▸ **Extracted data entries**

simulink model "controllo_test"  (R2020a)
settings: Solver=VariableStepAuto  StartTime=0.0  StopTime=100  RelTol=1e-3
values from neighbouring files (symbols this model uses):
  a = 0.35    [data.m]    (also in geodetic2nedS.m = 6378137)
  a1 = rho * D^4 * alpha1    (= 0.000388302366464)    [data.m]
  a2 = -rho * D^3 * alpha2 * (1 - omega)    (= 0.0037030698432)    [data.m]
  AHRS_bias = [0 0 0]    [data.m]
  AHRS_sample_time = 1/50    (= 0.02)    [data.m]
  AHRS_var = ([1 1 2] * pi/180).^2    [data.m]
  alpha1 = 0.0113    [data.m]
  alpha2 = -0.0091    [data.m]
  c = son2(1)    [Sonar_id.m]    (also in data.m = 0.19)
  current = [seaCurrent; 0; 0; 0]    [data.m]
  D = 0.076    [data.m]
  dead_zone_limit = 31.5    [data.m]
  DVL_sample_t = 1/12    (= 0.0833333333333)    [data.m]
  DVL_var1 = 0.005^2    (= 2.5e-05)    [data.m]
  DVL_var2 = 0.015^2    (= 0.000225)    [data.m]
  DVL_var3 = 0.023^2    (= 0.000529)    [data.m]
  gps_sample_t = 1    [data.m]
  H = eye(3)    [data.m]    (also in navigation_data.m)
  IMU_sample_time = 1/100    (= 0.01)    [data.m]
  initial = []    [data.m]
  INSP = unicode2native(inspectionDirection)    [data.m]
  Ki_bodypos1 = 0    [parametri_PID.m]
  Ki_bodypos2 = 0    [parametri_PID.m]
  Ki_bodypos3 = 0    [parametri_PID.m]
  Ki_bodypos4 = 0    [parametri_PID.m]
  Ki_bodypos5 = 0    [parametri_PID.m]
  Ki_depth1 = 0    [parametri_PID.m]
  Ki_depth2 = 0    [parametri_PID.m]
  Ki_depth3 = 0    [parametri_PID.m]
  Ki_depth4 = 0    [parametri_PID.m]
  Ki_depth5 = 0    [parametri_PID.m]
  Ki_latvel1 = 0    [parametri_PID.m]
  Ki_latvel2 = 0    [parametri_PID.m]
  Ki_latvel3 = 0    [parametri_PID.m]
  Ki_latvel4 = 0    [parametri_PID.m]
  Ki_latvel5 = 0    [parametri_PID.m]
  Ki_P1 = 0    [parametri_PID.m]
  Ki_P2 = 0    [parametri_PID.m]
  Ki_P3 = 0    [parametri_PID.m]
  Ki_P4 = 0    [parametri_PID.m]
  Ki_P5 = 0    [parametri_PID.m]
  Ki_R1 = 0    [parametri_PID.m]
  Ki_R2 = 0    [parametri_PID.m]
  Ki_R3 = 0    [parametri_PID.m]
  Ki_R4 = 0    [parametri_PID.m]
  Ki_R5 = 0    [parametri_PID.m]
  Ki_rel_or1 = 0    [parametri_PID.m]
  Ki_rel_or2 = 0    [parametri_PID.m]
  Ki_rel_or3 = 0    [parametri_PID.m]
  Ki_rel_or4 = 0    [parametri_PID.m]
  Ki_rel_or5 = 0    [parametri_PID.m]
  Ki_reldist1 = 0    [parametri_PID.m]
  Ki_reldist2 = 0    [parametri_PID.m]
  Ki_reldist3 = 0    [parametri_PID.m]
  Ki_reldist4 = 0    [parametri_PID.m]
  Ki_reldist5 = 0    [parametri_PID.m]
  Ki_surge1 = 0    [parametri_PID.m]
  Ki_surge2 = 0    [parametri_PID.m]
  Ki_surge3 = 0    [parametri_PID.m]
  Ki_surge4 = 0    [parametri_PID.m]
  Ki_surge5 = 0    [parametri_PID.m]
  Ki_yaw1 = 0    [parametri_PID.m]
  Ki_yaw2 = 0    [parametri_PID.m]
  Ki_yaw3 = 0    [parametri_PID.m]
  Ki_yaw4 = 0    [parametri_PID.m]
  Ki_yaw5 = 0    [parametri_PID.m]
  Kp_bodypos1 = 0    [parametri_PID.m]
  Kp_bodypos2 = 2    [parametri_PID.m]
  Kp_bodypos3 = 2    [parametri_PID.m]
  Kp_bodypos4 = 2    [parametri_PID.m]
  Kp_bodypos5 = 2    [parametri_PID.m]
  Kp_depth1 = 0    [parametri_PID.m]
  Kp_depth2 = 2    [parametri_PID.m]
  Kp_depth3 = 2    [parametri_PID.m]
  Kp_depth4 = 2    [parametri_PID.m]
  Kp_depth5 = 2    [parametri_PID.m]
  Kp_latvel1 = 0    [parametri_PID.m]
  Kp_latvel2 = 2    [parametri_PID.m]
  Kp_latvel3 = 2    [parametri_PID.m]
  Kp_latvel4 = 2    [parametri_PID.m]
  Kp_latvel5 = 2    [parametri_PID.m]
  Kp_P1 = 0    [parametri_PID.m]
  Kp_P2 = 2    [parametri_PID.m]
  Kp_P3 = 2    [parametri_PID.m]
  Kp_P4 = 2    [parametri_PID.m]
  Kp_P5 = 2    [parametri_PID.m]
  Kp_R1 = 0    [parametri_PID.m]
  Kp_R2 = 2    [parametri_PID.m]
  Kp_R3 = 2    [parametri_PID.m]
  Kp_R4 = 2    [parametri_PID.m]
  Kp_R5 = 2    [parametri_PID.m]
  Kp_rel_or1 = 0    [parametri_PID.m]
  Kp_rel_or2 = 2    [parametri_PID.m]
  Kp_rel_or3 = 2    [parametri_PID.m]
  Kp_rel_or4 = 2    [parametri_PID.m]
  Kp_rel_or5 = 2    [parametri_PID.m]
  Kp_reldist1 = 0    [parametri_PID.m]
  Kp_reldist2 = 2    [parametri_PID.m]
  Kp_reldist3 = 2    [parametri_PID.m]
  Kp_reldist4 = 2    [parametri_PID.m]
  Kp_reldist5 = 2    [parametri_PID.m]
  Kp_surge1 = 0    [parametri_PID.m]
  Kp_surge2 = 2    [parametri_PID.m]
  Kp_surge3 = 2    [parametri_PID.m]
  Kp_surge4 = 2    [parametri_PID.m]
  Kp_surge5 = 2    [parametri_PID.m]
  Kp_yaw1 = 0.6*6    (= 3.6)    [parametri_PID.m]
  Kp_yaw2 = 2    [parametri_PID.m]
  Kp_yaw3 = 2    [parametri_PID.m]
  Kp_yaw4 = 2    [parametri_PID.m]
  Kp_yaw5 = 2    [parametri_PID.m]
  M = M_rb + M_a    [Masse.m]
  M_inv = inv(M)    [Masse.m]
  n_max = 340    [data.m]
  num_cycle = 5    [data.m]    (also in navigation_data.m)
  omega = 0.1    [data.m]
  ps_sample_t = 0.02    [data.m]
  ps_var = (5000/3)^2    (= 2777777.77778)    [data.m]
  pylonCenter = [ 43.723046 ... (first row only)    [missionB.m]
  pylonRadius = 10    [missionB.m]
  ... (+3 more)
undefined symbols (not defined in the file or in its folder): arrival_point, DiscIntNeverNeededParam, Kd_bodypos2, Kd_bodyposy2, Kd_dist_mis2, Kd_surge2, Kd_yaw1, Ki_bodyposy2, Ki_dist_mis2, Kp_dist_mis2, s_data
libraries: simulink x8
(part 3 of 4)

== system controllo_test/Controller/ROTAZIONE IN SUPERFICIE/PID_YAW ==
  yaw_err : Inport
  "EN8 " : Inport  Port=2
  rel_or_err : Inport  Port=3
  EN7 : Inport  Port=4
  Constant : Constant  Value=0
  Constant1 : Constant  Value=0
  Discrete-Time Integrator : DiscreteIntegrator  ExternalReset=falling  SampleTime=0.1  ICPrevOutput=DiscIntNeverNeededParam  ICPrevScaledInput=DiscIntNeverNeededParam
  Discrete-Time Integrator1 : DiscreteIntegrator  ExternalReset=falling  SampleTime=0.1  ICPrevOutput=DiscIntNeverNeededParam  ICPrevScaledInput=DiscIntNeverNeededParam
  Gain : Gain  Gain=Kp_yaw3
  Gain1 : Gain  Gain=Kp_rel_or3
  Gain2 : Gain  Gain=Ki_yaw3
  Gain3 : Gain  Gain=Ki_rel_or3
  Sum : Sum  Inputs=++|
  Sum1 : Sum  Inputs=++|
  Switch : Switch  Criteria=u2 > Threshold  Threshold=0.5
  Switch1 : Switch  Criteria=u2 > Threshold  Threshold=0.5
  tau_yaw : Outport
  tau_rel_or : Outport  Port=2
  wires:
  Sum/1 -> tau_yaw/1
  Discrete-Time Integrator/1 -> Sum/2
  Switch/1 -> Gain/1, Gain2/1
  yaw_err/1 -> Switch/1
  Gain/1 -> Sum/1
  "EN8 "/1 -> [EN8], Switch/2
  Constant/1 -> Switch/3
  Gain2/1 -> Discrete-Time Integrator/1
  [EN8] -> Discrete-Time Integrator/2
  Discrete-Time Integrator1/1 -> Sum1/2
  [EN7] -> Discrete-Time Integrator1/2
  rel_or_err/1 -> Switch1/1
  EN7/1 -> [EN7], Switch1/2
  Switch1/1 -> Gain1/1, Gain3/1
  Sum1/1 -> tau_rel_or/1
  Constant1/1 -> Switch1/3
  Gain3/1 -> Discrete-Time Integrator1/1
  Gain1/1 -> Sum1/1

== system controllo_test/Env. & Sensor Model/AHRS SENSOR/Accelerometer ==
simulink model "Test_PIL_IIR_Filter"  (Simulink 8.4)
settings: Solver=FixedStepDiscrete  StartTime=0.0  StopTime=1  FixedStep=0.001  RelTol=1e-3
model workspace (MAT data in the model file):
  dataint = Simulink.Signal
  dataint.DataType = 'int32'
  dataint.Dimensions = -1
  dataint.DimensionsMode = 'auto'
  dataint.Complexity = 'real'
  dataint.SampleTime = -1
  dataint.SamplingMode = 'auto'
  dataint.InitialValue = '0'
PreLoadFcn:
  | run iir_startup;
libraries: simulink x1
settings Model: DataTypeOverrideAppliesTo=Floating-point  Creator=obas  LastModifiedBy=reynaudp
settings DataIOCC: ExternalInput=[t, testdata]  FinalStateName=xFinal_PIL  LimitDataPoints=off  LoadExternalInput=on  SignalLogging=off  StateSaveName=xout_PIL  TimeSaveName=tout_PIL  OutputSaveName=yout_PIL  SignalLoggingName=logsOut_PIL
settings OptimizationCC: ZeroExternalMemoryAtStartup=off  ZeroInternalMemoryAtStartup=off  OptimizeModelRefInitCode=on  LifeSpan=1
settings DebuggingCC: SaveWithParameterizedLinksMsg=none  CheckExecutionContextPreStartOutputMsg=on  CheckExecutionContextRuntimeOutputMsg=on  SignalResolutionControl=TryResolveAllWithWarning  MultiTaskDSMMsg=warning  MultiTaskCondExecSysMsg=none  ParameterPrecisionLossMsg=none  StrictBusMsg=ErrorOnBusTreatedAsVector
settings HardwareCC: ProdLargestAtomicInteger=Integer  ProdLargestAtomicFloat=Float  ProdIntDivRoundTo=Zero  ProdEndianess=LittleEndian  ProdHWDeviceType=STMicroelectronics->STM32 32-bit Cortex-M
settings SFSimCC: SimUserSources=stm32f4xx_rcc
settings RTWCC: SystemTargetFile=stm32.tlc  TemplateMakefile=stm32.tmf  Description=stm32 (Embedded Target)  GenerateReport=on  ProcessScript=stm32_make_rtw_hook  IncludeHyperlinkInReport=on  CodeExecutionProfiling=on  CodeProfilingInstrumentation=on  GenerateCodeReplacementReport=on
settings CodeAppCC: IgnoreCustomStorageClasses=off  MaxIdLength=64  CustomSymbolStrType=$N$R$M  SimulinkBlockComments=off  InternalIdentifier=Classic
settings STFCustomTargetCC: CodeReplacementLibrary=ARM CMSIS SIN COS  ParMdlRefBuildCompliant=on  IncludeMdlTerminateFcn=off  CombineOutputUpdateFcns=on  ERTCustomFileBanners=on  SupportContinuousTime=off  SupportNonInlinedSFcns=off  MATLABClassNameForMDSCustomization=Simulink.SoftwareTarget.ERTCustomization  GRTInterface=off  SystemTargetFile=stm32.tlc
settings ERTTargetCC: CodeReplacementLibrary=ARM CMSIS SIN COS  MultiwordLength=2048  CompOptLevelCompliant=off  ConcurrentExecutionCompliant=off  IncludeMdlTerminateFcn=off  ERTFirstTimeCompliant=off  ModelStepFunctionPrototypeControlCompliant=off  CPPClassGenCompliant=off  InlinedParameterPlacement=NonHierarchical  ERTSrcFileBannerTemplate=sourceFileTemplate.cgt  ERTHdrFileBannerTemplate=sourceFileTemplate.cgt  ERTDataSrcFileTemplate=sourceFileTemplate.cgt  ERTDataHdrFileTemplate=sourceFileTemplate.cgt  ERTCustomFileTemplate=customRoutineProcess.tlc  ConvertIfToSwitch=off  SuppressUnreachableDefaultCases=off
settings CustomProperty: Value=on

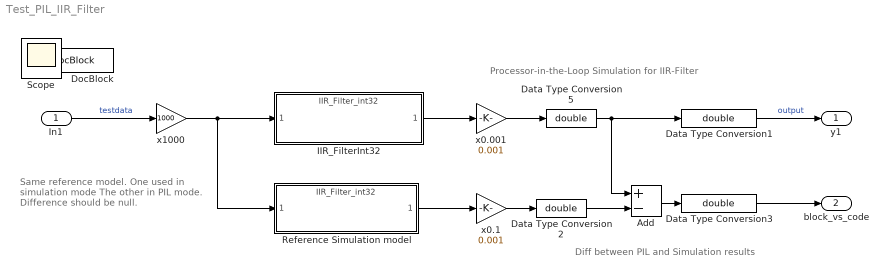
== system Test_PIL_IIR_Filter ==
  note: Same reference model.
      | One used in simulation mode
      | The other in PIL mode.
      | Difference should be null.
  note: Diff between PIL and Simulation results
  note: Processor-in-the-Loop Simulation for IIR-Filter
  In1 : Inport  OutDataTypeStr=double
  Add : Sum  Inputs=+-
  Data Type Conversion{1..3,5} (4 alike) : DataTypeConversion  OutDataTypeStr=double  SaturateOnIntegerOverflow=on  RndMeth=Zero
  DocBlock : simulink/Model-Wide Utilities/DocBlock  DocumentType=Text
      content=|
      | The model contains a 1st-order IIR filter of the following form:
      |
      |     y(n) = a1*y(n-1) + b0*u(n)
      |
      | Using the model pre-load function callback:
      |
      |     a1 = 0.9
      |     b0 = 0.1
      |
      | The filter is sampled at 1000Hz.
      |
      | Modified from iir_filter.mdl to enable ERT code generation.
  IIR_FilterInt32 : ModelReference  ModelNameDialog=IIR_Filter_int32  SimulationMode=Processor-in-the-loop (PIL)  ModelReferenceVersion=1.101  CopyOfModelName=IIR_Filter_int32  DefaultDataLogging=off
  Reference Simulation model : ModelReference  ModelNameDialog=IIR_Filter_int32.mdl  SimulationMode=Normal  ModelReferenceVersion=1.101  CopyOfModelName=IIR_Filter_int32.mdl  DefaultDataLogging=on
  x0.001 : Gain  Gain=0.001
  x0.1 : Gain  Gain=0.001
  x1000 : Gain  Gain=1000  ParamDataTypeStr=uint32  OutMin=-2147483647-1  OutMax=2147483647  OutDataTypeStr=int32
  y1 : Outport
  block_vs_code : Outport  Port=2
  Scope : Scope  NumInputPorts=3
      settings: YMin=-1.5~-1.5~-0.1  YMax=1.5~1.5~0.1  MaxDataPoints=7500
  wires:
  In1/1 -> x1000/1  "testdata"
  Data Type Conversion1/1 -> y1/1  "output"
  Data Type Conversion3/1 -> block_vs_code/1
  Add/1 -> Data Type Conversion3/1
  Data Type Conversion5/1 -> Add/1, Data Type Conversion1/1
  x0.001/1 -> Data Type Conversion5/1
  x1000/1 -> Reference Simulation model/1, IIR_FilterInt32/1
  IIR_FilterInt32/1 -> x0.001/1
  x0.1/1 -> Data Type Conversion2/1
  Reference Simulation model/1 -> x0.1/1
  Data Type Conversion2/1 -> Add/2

▸ **Exercise aim**
For the word "ICPrevScaledInput", find every line in the data that holds it and copy that line.

▸ **Response**
  Discrete-Time Integrator : DiscreteIntegrator  ExternalReset=falling  SampleTime=0.1  ICPrevOutput=DiscIntNeverNeededParam  ICPrevScaledInput=DiscIntNeverNeededParam
  Discrete-Time Integrator1 : DiscreteIntegrator  ExternalReset=falling  SampleTime=0.1  ICPrevOutput=DiscIntNeverNeededParam  ICPrevScaledInput=DiscIntNeverNeededParam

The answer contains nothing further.